New Constructions of Exceptional Simple Lie Superalgebras with Integer Cartan Matrix in Characteristics 3 and 5 via Tensor Categories

TL;DR

This paper introduces new methods using tensor categories to construct exceptional simple Lie superalgebras with integer Cartan matrices in characteristics 3 and 5, expanding the classification of modular Lie superalgebras.

Contribution

It presents novel constructions of exceptional Lie superalgebras in characteristics 3 and 5 via tensor categories, based on the classification by Bouarroudj, Grozman, and Leites.

Findings

Constructed new exceptional Lie superalgebras in characteristic 3 and 5.

Realized superalgebras as images of Lie algebras with nilpotent derivations.

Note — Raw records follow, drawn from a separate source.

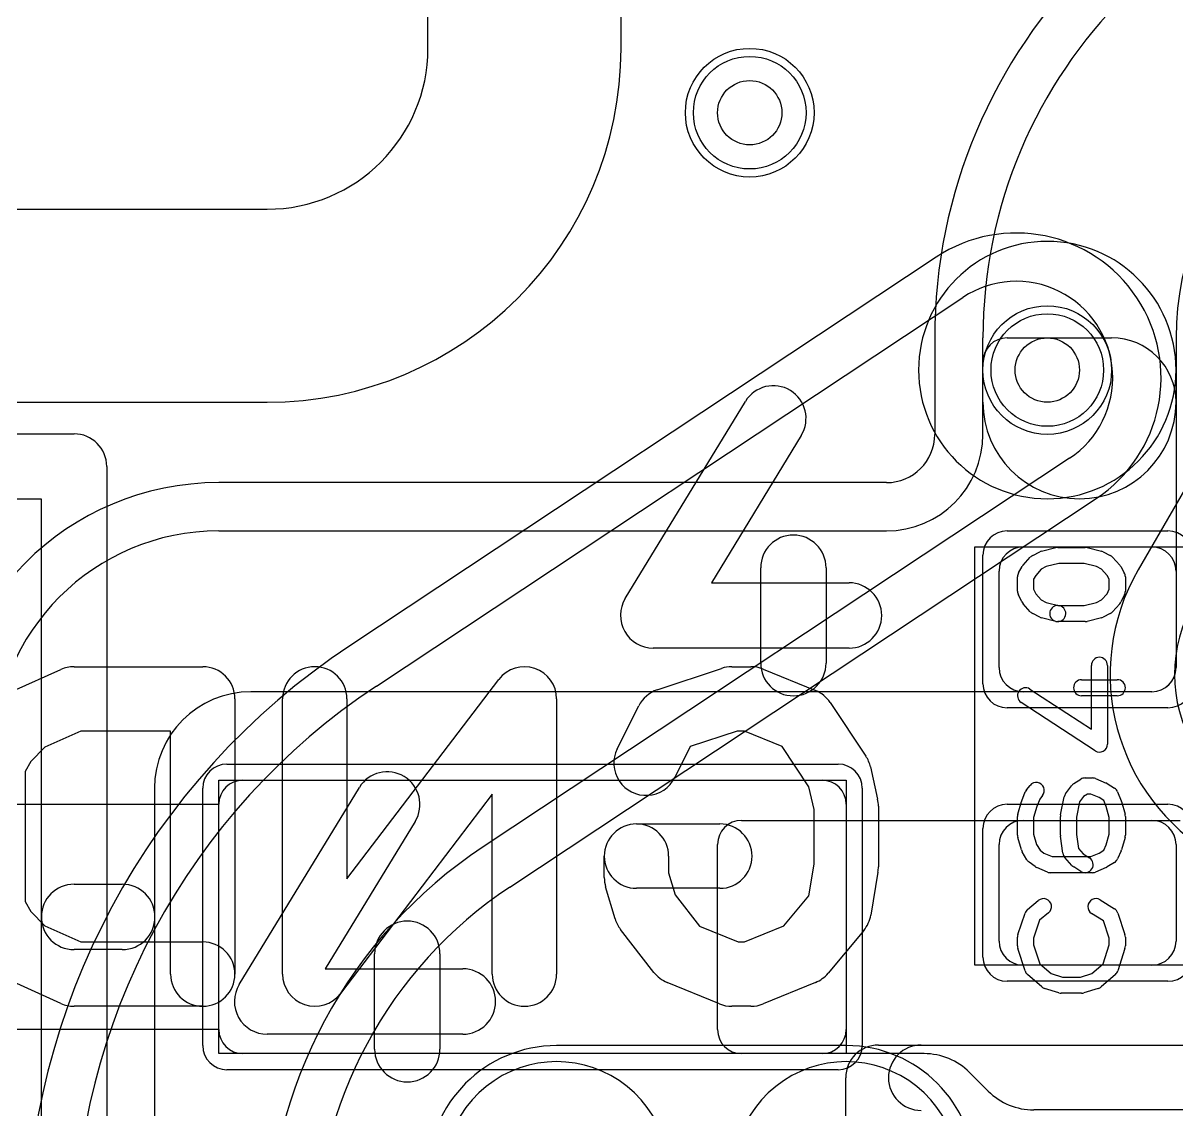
# Model space of a CAD drawing. Extents: x -3.9 to 29.3, y -3.9 to 20.
# Drawn here: x 1.442 to 5.028, y 10.9 to 14.279 of the extents above; entities that cross this region are included whole.
import ezdxf

# ---------------------------------------------------------------- set-up
doc = ezdxf.new("R2010")
doc.units = 0
for name, color, linetype in [('Hole', 1, 'CONTINUOUS'), ('L1', 3, 'CONTINUOUS'), ('L2', 3, 'CONTINUOUS'), ('L3', 3, 'CONTINUOUS'), ('L4', 3, 'CONTINUOUS'), ('MetalMask-A', 176, 'CONTINUOUS'), ('Outline', 7, 'CONTINUOUS'), ('PartsArea-A', 111, 'CONTINUOUS'), ('PartsSilk-A', 221, 'CONTINUOUS'), ('PartsSilk-B', 221, 'CONTINUOUS'), ('Resist-A', 2, 'CONTINUOUS'), ('Resist-B', 2, 'CONTINUOUS'), ('Silk-A', 140, 'CONTINUOUS'), ('Silk-B', 140, 'CONTINUOUS')]:
    doc.layers.add(name, color=color, linetype=linetype)

msp = doc.modelspace()

# ---------------------------------------------------------------- linework, layer by layer
at = {"layer": 'Hole'}
for centre in [(3.7, 14), (4.625, 13.2)]:
    msp.add_circle(centre, 0.1, dxfattribs=at)
at = {"layer": 'L1'}
for p, q in [((3.3, 14.2), (3.3, 14.53824)), ((4.27496, 13.3), (4.27496, 13)), ((4.425, 13.1), (4.425, 13.3)), ((4.49997, 13.3), (4.825, 13.3)), ((5.025, 13.3), (5.025, 13.1)), ((4.425, 13), (4.425, 13.22503)), ((1, 13.1), (2.2, 13.1)), ((5.025, 13.1), (5.025, 12.27497)), ((4.125, 12.85004), (2.05, 12.85004)), ((2.05, 12.7), (4.125, 12.7)), ((4.55, 12.65), (4.95, 12.65)), ((4.475, 12.275), (4.475, 12.575)), ((5.025, 12.575), (5.025, 12.275)), ((4.95003, 12.2), (2.15, 12.2)), ((4.95, 12.2), (4.55, 12.2)), ((2.125, 11.925), (3.925, 11.925)), ((1.85, 11.9), (1.85, 10.125)), ((2.05, 11.15), (2.05, 11.85)), ((4, 11.85), (4, 11.15)), ((3.67497, 11.8), (5.03771, 11.8)), ((4.55, 11.8), (4.95, 11.8)), ((3.6, 11.14997), (3.6, 11.72503)), ((4.475, 11.425), (4.475, 11.725)), ((5.025, 11.725), (5.025, 11.425)), ((4.95, 11.35), (4.55, 11.35)), ((3.925, 11.075), (2.125, 11.075)), ((4.24216, 11.075), (3.67497, 11.075)), ((4.44138, 10.95862), (4.38358, 11.01642)), ((6.32503, 10.90004), (4.5828, 10.90004))]:
    msp.add_line(p, q, dxfattribs=at)
for centre in [(3.7, 14), (4.625, 13.2)]:
    msp.add_circle(centre, 0.2, dxfattribs=at)
for centre, radius, start, end in [((5.925, 13.3), 1.65004, 90, 180), ((5.925, 13.3), 1.5, 90, 180), ((2.2, 14.2), 1.1, -90, 0), ((5.925, 13.3), 0.9, 90, 180), ((4.49997, 13.22503), 0.07497, 90, 180), ((4.825, 13.1), 0.2, 0, 90), ((4.725, 13.1), 0.3, 180, 0), ((4.125, 13), 0.3, -90, 0), ((4.125, 13), 0.14996, -90, 0), ((2.05, 12), 0.85004, 90, 180), ((2.05, 12), 0.7, 90, 180), ((4.55, 12.575), 0.075, 90, 180), ((4.95, 12.575), 0.075, 0, 90), ((4.55, 12.275), 0.075, 180, -90), ((4.95, 12.275), 0.075, -90, 0), ((4.95003, 12.27497), 0.07497, -90, 0), ((2.15, 11.9), 0.3, 90, 180), ((2.125, 11.85), 0.075, 90, 180), ((3.925, 11.85), 0.075, 0, 90), ((3.67497, 11.72503), 0.07497, 90, 180), ((4.55, 11.725), 0.075, 90, 180), ((4.95, 11.725), 0.075, 0, 90), ((4.55, 11.425), 0.075, 180, -90), ((4.95, 11.425), 0.075, -90, 0), ((2.125, 11.15), 0.075, 180, -90), ((3.67497, 11.14997), 0.07497, 180, -90), ((3.925, 11.15), 0.075, -90, 0), ((4.24216, 10.875), 0.2, 45, 90), ((4.5828, 11.10004), 0.2, -135, -90)]:
    msp.add_arc(centre, radius, start, end, dxfattribs=at)
at = {"layer": 'L2'}
for p, q in [((3.3, 14.2), (3.3, 14.53824)), ((1, 13.1), (2.2, 13.1)), ((4, 11.10004), (3.1, 11.10004))]:
    msp.add_line(p, q, dxfattribs=at)
msp.add_circle((3.7, 14), 0.2, dxfattribs=at)
for centre, radius, start, end in [((2.2, 14.2), 1.1, -90, 0), ((4.625, 13.2), 0.40004, 90, -90), ((4.625, 13.2), 0.40004, -90, 90), ((3.1, 10.7), 0.40004, 90, -90), ((4, 10.7), 0.40004, -90, 90)]:
    msp.add_arc(centre, radius, start, end, dxfattribs=at)
at = {"layer": 'L3'}
for p, q in [((3.3, 14.2), (3.3, 14.53824)), ((1, 13.1), (2.2, 13.1)), ((4, 11.10004), (3.1, 11.10004))]:
    msp.add_line(p, q, dxfattribs=at)
msp.add_circle((3.7, 14), 0.2, dxfattribs=at)
for centre, radius, start, end in [((2.2, 14.2), 1.1, -90, 0), ((4.625, 13.2), 0.40004, 90, -90), ((4.625, 13.2), 0.40004, -90, 90), ((3.1, 10.7), 0.40004, 90, -90), ((4, 10.7), 0.40004, -90, 90)]:
    msp.add_arc(centre, radius, start, end, dxfattribs=at)
at = {"layer": 'L4'}
for p, q in [((3.3, 14.2), (3.3, 14.53824)), ((5.74051, 14.02205), (4.90735, 12.57893)), ((4.27977, 13.55099), (2.4569, 12.34277)), ((2.5398, 12.21771), (4.36267, 13.42593)), ((1, 13.1), (2.2, 13.1)), ((4.69415, 12.92581), (2.87128, 11.71759)), ((2.95418, 11.59253), (4.77705, 12.80075))]:
    msp.add_line(p, q, dxfattribs=at)
for centre in [(3.7, 14), (4.625, 13.2)]:
    msp.add_circle(centre, 0.2, dxfattribs=at)
for centre, radius, start, end in [((2.2, 14.2), 1.1, -90, 0), ((4.52841, 13.17587), 0.45004, -56.46247, 123.53753), ((4.52841, 13.17587), 0.3, -56.46355, 123.53689), ((5.4703, 12.25392), 0.65003, 150.00071, -29.99929), ((5.4703, 12.25393), 0.45, 149.99991, -29.99988), ((3.7, 10.4673), 2.25004, 123.53723, -179.99974), ((3.7, 10.4673), 2.1, 123.53706, -179.99973), ((3.7, 10.4673), 1.5, 123.53716, -179.99962), ((3.7, 10.4673), 1.34996, 123.53704, -179.99958), ((3.1, 10.70002), 0.35005, -26.31324, -153.66699), ((4, 10.70002), 0.35005, -26.31324, -153.66699)]:
    msp.add_arc(centre, radius, start, end, dxfattribs=at)
at = {"layer": 'MetalMask-A'}
for p, q in [((4.55, 12.65), (4.95, 12.65)), ((4.475, 12.275), (4.475, 12.575)), ((5.025, 12.575), (5.025, 12.275)), ((4.95, 12.2), (4.55, 12.2)), ((2.125, 11.925), (3.925, 11.925)), ((2.05, 11.15), (2.05, 11.85)), ((4, 11.85), (4, 11.15)), ((4.55, 11.8), (4.95, 11.8)), ((4.475, 11.425), (4.475, 11.725)), ((5.025, 11.725), (5.025, 11.425)), ((4.95, 11.35), (4.55, 11.35)), ((3.925, 11.075), (2.125, 11.075))]:
    msp.add_line(p, q, dxfattribs=at)
for centre, start, end in [((4.55, 12.575), 90, 180), ((4.95, 12.575), 0, 90), ((4.55, 12.275), 180, -90), ((4.95, 12.275), -90, 0), ((2.125, 11.85), 90, 180), ((3.925, 11.85), 0, 90), ((4.55, 11.725), 90, 180), ((4.95, 11.725), 0, 90), ((4.55, 11.425), 180, -90), ((4.95, 11.425), -90, 0), ((2.125, 11.15), 180, -90), ((3.925, 11.15), -90, 0)]:
    msp.add_arc(centre, 0.075, start, end, dxfattribs=at)
at = {"layer": 'Outline'}
for p, q in [((2.7, 14.2), (2.7, 15)), ((1, 13.7), (2.2, 13.7))]:
    msp.add_line(p, q, dxfattribs=at)
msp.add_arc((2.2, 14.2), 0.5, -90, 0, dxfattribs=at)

Connected the constructions to the Verlinde category and semisimplification functors.

Abstract

Using tensor categories, we present new constructions of several of the exceptional simple Lie superalgebras with integer Cartan matrix in characteristic $p = 3$ and $p = 5$ from the complete classification of modular Lie superalgebras with indecomposable Cartan matrix and their simple subquotients over algebraically closed fields by Bouarroudj, Grozman, and Leites in 2009. Specifically, let $\mathbf{\alpha}_p$ denote the kernel of the Frobenius endomorphism on the additive group scheme $\mathbb{G}_a$ over an algebraically closed field of characteristic $p$. The Verlinde category $\mathrm{Ver}_p$ is the semisimplification of the representation category $\mathrm{Rep} \ \mathbf{\alpha}_p$, and $\mathrm{Ver}_p$ contains the category of super vector spaces as a full subcategory. Each exceptional Lie superalgebra we construct is realized as the image of an exceptional Lie algebra equipped with a nilpotent derivation of order at most $p$ under the semisimplification functor from $\mathrm{Rep} \ \mathbf{\alpha}_p$ to $\mathrm{Ver}_p$.